An uncontrolled application of these technologies could facilitate illegal push-backs in order to prevent people from exercising their right to seek asylum. But the implications could extend to very different contexts. “The borders are often a testing ground for technologies”, says Muehlberg. “Yesterday it was detention centres, in 2024 it’s going to be everyone at the Olympics in France, and with that we have a precedent for domestic use of AI-powered surveillance tech.”

The EMT is in the development phase, and it will still take time to fully operational: “It is not easy to find new sponsors who can help us to continue developing the tool,” says Blasi Casagran. “We don’t want money from Frontex; we don’t want money from governments. It is not easy to find new sponsors who share our intentions and will help us continue developing the tool”.
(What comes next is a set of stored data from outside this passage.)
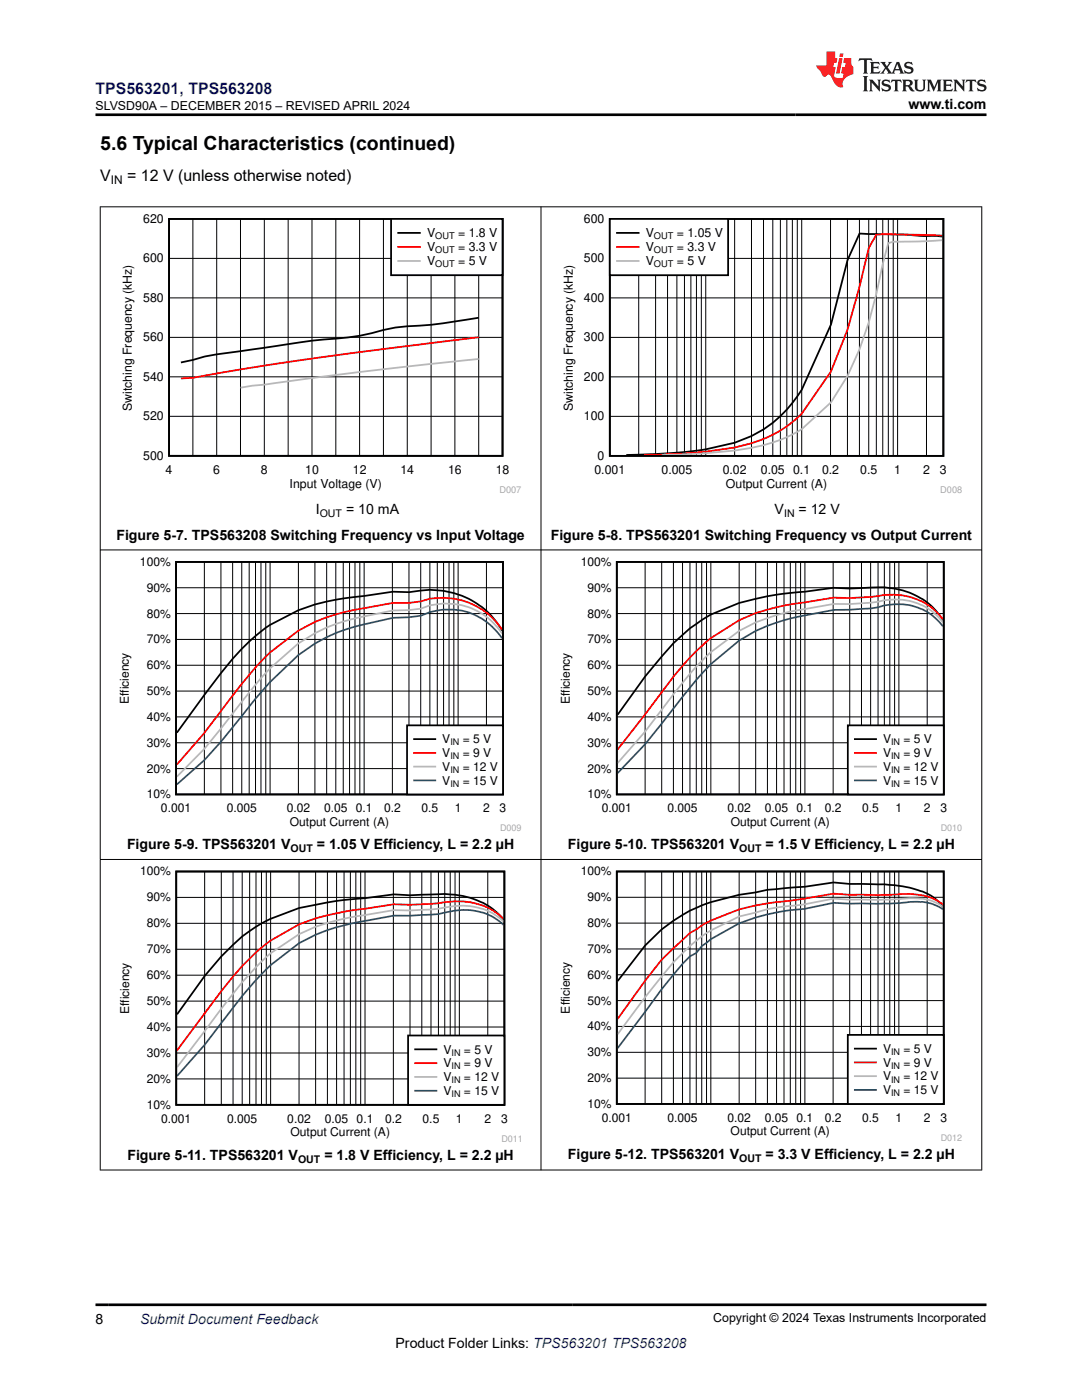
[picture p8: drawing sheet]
<svg xmlns="http://www.w3.org/2000/svg" width="216mm" height="279mm" viewBox="0 0 216 279" stroke-linecap="round" stroke-linejoin="round" font-family="sans-serif">
<path d="M33.7 43.7h66.6v47.3h-66.6zM95.5 63.4l-4.7 .8a62.4 62.4 0 0 1-9.5 .9l-2.4 .3-2.4 .5a44.3 44.3 0 0 1-11.9 1.9l-16.6 2.3a49.5 49.5 0 0 0-9.5 1.7l-2.4 .5" fill="none" stroke="#000" stroke-width=".36"/>
<g fill="none" stroke="#000" stroke-width=".2">
<path d="M33.7 59.4h66.6M33.7 51.6h66.6M38.5 43.7v47.3M43.2 43.7v47.3M48 43.7v47.3M52.7 43.7v47.3M57.5 43.7v47.3M62.3 43.7v47.3M67 43.7v47.3M71.8 43.7v47.3M76.5 43.7v47.3M81.3 43.7v47.3"/>
<path d="M86 43.7v47.3M90.8 43.7v47.3M95.5 43.7v47.3M33.7 75.2h66.6M33.7 67.3h66.6M33.7 83.1h66.6"/>
</g>
<path d="M95.5 67.3l-4.7 .6a869.1 869.1 0 0 0-52.3 7.5l-2.4 .1" fill="none" stroke="#f00" stroke-width=".36"/>
<path d="M95.5 71.6a989 989 0 0 0-42.8 5.2l-4.7 .6" fill="none" stroke="#b8b8b8" stroke-width=".36"/>
<path d="M78 43.7h22.3v11.2h-22.3z" fill-rule="evenodd" fill="#fff"/>
<path d="M78 43.7h22.3v11.2h-22.3zM79.5 46.5h4.3" fill="none" stroke="#000" stroke-width=".36"/>
<path d="M79.5 49.3h4.3" fill="none" stroke="#f00" stroke-width=".36"/>
<path d="M79.5 52.1h4.3" fill="none" stroke="#b8b8b8" stroke-width=".36"/>
<path d="M111.9 42.7h80.1v55.8h-80.1z" fill-rule="evenodd" fill="#fff"/>
<path d="M121.7 43.7h66.5v47.3h-66.5zM188.1 47.2l-7.5-.4-9.1-.2-2.4 5.3-3.3 12.9-5.8 13a24 24 0 0 1-13.4 10.6l-5.8 1.3a104.2 104.2 0 0 1-15.8 1.1" fill="none" stroke="#000" stroke-width=".36"/>
<g fill="none" stroke="#000" stroke-width=".2">
<path d="M121.7 59.5h66.5M121.7 51.6h66.5M127.4 43.7v47.3M130.8 43.7v47.3M133.2 43.7v47.3M135.1 43.7v47.3M136.6 43.7v47.3M137.9 43.7v47.3M139 43.7v47.3M139.9 43.7v47.3M140.8 43.7v47.3M146.6 43.7v47.3"/>
<path d="M150 43.7v47.3M152.3 43.7v47.3M154.2 43.7v47.3M155.7 43.7v47.3M157 43.7v47.3M158.1 43.7v47.3M159.1 43.7v47.3M160 43.7v47.3M165.7 43.7v47.3M169.1 43.7v47.3M171.5 43.7v47.3M173.3 43.7v47.3"/>
<path d="M174.9 43.7v47.3M176.1 43.7v47.3M177.3 43.7v47.3M178.2 43.7v47.3M179.1 43.7v47.3M184.9 43.7v47.3M121.7 75.2h66.5M121.7 67.3h66.5M121.7 83.1h66.5"/>
</g>
<path d="M188.1 47l-9.9-.2h-3.4l-1.5 2.7-1.8 7.7-2.4 8.6-3.3 8.3-5.8 8.5a24.3 24.3 0 0 1-13.4 6.7l-6.7 .9-11.3 .6" fill="none" stroke="#f00" stroke-width=".36"/>
<path d="M188.1 47.9l-3.7 .3h-6.2l-1 .3-1.1 4.3a82.5 82.5 0 0 1-7 22.2l-3.3 5.3-5.8 5.4a30.2 30.2 0 0 1-13.4 4.2l-5.8 .6-8.8 .3" fill="none" stroke="#b8b8b8" stroke-width=".36"/>
<path d="M121.7 43.7h23.6v11.2h-23.6z" fill-rule="evenodd" fill="#fff"/>
<path d="M121.7 43.7h23.6v11.2h-23.6zM123.1 46.5h4.3" fill="none" stroke="#000" stroke-width=".36"/>
<path d="M123.1 49.3h4.3" fill="none" stroke="#f00" stroke-width=".36"/>
<path d="M123.1 52.1h4.3" fill="none" stroke="#b8b8b8" stroke-width=".36"/>
<path d="M24 111.2h80v54.7h-80z" fill-rule="evenodd" fill="#fff"/>
<path d="M35.1 112.1h65.3v46.4h-65.3zM100.2 125.9a16.2 16.2 0 0 0-16.2-8l-2.4 .3-3.2-.1-5.7 .8a48.8 48.8 0 0 0-13.2 2.9l-5.6 2.9-1.8 1.3a43.6 43.6 0 0 0-8 8.4l-8.8 11.8" fill="none" stroke="#000" stroke-width=".35"/>
<g fill="none" stroke="#000" stroke-width=".2">
<path d="M35.1 117.3h65.3M40.8 112.1v46.5M44.1 112.1v46.5M46.4 112.1v46.5M48.2 112.1v46.5M49.7 112.1v46.5M51 112.1v46.5M52.1 112.1v46.5M53 112.1v46.5M53.9 112.1v46.5M59.5 112.1v46.5M62.8 112.1v46.5"/>
<path d="M65.2 112.1v46.5M67 112.1v46.5M68.5 112.1v46.5M69.8 112.1v46.5M70.8 112.1v46.5M71.8 112.1v46.5M72.7 112.1v46.5M78.3 112.1v46.5M81.6 112.1v46.5M83.9 112.1v46.5M85.8 112.1v46.5M87.3 112.1v46.5"/>
<path d="M88.5 112.1v46.5M89.6 112.1v46.5M90.6 112.1v46.5M91.4 112.1v46.5M97.1 112.1v46.5M35.1 137.9h65.3M35.1 132.8h65.3M35.1 127.6h65.3M35.1 122.5h65.3M35.1 153.4h65.3M35.1 148.2h65.3M35.1 143.1h65.3"/>
</g>
<path d="M100.2 125.6a14.3 14.3 0 0 0-14.4-6.1l-1.8 .5-2.4 .3h-3.2l-5.7 1.1a36.7 36.7 0 0 0-13.2 4.5l-5.6 4.3-2.9 3-2.8 3.3-7.4 9.8-5.5 6.3" fill="none" stroke="#f00" stroke-width=".35"/>
<path d="M100.2 126.4a13.3 13.3 0 0 0-14.4-5.6l-1.8 .7-2.4 .3h-3.2l-5.7 1.2a34.5 34.5 0 0 0-13.2 5.4l-5.6 5-1.8 1.9-11.3 14.2-5.5 5.5" fill="none" stroke="#b8b8b8" stroke-width=".35"/>
<path d="M100.2 127.4a12.7 12.7 0 0 0-14.4-5.2l-1.8 .7-2.4 .3-3.2 .1-5.7 1.3a32 32 0 0 0-13.2 6.1l-5.6 5.4-2.9 3.3-2.8 3.5a78.6 78.6 0 0 1-12.9 13.7" fill="none" stroke="#295c75" stroke-width=".35"/>
<path d="M81.2 144.8h19.2v13.7h-19.2z" fill-rule="evenodd" fill="#fff"/>
<path d="M81.2 144.8h19.2v13.7h-19.2zM82.6 147.5h4.3" fill="none" stroke="#000" stroke-width=".35"/>
<path d="M82.6 150.3h4.3" fill="none" stroke="#f00" stroke-width=".35"/>
<path d="M82.6 153h4.3" fill="none" stroke="#b8b8b8" stroke-width=".35"/>
<path d="M82.6 155.7h4.3" fill="none" stroke="#295c75" stroke-width=".35"/>
<path d="M111.9 111.2h80.1v54.7h-80.1z" fill-rule="evenodd" fill="#fff"/>
<path d="M123.1 112.1h65.2v46.4h-65.2zM188.1 123.8a13.5 13.5 0 0 0-10.6-6.4l-1.1-.2-6.8 .3-3.3-.2-5.7 .8a59.3 59.3 0 0 0-13.1 2.2l-5.7 2.3-1.8 1.1a31.3 31.3 0 0 0-8 7.3l-3.3 4-5.5 7.6" fill="none" stroke="#000" stroke-width=".35"/>
<g fill="none" stroke="#000" stroke-width=".2">
<path d="M123.1 117.3h65.2M128.7 112.1v46.5M132 112.1v46.5M134.4 112.1v46.5M136.2 112.1v46.5M137.7 112.1v46.5M138.9 112.1v46.5M140 112.1v46.5M141 112.1v46.5M141.8 112.1v46.5M147.5 112.1v46.5M150.8 112.1v46.5"/>
<path d="M153.1 112.1v46.5M155 112.1v46.5M156.4 112.1v46.5M157.7 112.1v46.5M158.8 112.1v46.5M159.7 112.1v46.5M160.6 112.1v46.5M166.2 112.1v46.5M169.6 112.1v46.5M171.9 112.1v46.5M173.7 112.1v46.5M175.2 112.1v46.5"/>
<path d="M176.5 112.1v46.5M177.5 112.1v46.5M178.5 112.1v46.5M179.4 112.1v46.5M185 112.1v46.5M123.1 137.9h65.2M123.1 132.8h65.2M123.1 127.6h65.2M123.1 122.5h65.2M123.1 153.4h65.2M123.1 148.2h65.2M123.1 143.1h65.2"/>
</g>
<path d="M188.1 123.6a12.1 12.1 0 0 0-10.6-4.9h-1.1a38.1 38.1 0 0 1-10.1 .6l-5.7 .9a41.4 41.4 0 0 0-13.1 3.6l-5.7 3.5-1.8 1.6a52.3 52.3 0 0 0-8 9.3l-8.8 11.4" fill="none" stroke="#f00" stroke-width=".35"/>
<path d="M188.1 124.2a11.4 11.4 0 0 0-10.6-4.5l-1.1 .1a34 34 0 0 1-10.1 .7l-5.7 1.1a37.5 37.5 0 0 0-13.1 4.3l-5.7 4.3-1.8 1.7a78.3 78.3 0 0 0-8 9.8l-3.3 4.3-5.5 6.3" fill="none" stroke="#b8b8b8" stroke-width=".35"/>
<path d="M188.1 125a11.2 11.2 0 0 0-11.7-4.2l-2.7 .6-7.4 .3-5.7 1.1a35.3 35.3 0 0 0-13.1 5l-5.7 4.7-1.8 2-11.3 14-5.5 5.8" fill="none" stroke="#295c75" stroke-width=".35"/>
<path d="M169.2 144.8h19.1v13.7h-19.1z" fill-rule="evenodd" fill="#fff"/>
<path d="M169.2 144.8h19.1v13.7h-19.1zM170.6 147.5h4.2" fill="none" stroke="#000" stroke-width=".35"/>
<path d="M170.6 150.3h4.2" fill="none" stroke="#f00" stroke-width=".35"/>
<path d="M170.6 153h4.2" fill="none" stroke="#b8b8b8" stroke-width=".35"/>
<path d="M170.6 155.7h4.2" fill="none" stroke="#295c75" stroke-width=".35"/>
<path d="M24 172.9h80v55h-80z" fill-rule="evenodd" fill="#fff"/>
<path d="M35.2 173.9h65.4v46.6h-65.4zM100.5 183.5a13.9 13.9 0 0 0-10.7-5l-1.1-.1-6.9 .3-3.2-.2-5.8 .8a72.3 72.3 0 0 0-13.1 1.9l-5.7 2.2-1.8 .9a33.1 33.1 0 0 0-8.1 6.6l-3.3 3.9-5.5 7.6" fill="none" stroke="#000" stroke-width=".35"/>
<g fill="none" stroke="#000" stroke-width=".2">
<path d="M35.2 179.1h65.5M40.8 173.9v46.6M44.2 173.9v46.6M46.5 173.9v46.6M48.3 173.9v46.6M49.8 173.9v46.6M51.1 173.9v46.6M52.2 173.9v46.6M53.1 173.9v46.6M54 173.9v46.6M59.7 173.9v46.6M63 173.9v46.6"/>
<path d="M65.3 173.9v46.6M67.2 173.9v46.6M68.7 173.9v46.6M69.9 173.9v46.6M71 173.9v46.6M72 173.9v46.6M72.8 173.9v46.6M78.5 173.9v46.6M81.8 173.9v46.6M84.2 173.9v46.6M86 173.9v46.6M87.5 173.9v46.6"/>
<path d="M88.7 173.9v46.6M89.8 173.9v46.6M90.8 173.9v46.6M91.7 173.9v46.6M97.3 173.9v46.6M35.2 199.8h65.5M35.2 194.6h65.5M35.2 189.4h65.5M35.2 184.3h65.5M35.2 215.3h65.5M35.2 210.1h65.5M35.2 205h65.5"/>
</g>
<path d="M100.5 183.4a12.6 12.6 0 0 0-10.7-3.4l-3.8 .4-4.2 .2-3.2-.1-5.8 .9a51.1 51.1 0 0 0-13.1 3.1l-5.7 3.2-1.8 1.4a55.9 55.9 0 0 0-8.1 8.7l-8.8 11.8" fill="none" stroke="#f00" stroke-width=".35"/>
<path d="M100.5 183.9a11.9 11.9 0 0 0-10.7-2.9l-1.1 .1a34.3 34.3 0 0 1-6.9 .6l-3.2-.1-5.8 1a43.1 43.1 0 0 0-13.1 3.8l-5.7 3.8-2.9 2.8a75.1 75.1 0 0 0-7 8.3l-8.8 11.7" fill="none" stroke="#b8b8b8" stroke-width=".35"/>
<path d="M100.5 184.6a11.3 11.3 0 0 0-10.7-2.7 18.2 18.2 0 0 1-5.6 .7l-5.6 .1-5.8 1.1a41.4 41.4 0 0 0-13.1 4.4l-5.7 4.4-2.9 3-2.8 3.2-7.5 9.7-5.5 6.2" fill="none" stroke="#295c75" stroke-width=".35"/>
<path d="M81.4 206.7h19.2v13.8h-19.2z" fill-rule="evenodd" fill="#fff"/>
<path d="M81.4 206.7h19.2v13.8h-19.2zM82.8 209.4h4.3" fill="none" stroke="#000" stroke-width=".35"/>
<path d="M82.8 212.2h4.3" fill="none" stroke="#f00" stroke-width=".35"/>
<path d="M82.8 214.9h4.3" fill="none" stroke="#b8b8b8" stroke-width=".35"/>
<path d="M82.8 217.7h4.3" fill="none" stroke="#295c75" stroke-width=".35"/>
<path d="M111.9 172.9h80.1v54.8h-80.1z" fill-rule="evenodd" fill="#fff"/>
<path d="M123.1 173.9h65.2v46.4h-65.2zM188.1 181a8.7 8.7 0 0 0-5.5-3.5 30.6 30.6 0 0 0-8.9-1.1h-4.1l-3.3-.3-5.7 .9-7.5 .6-2.3 .5a38 38 0 0 0-11.9 3.1 30.1 30.1 0 0 0-10.2 7.5l-5.5 7.1" fill="none" stroke="#000" stroke-width=".35"/>
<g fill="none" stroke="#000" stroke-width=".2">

What is certain is that risk assessment and forecasting technologies will become increasingly widespread among European countries. If the need to alleviate and make sustainable the migratory flow within the EU is crucial; certainly the risk of dehumanisation and discrimination of people on the move is right around the corner.

“We are Black and border guards hate us. Their computers hate us too”, is the answer #Protect Not Surveil got from a migrant in Brussels in early 2020 at the onset of the pandemic. “It’s a good summary of the migration issue and how the EU deals with it,” states Muehlberg, “human dignity and human rights as key values of the EU don’t seem to apply to people on the move, certainly not if they aren’t white.”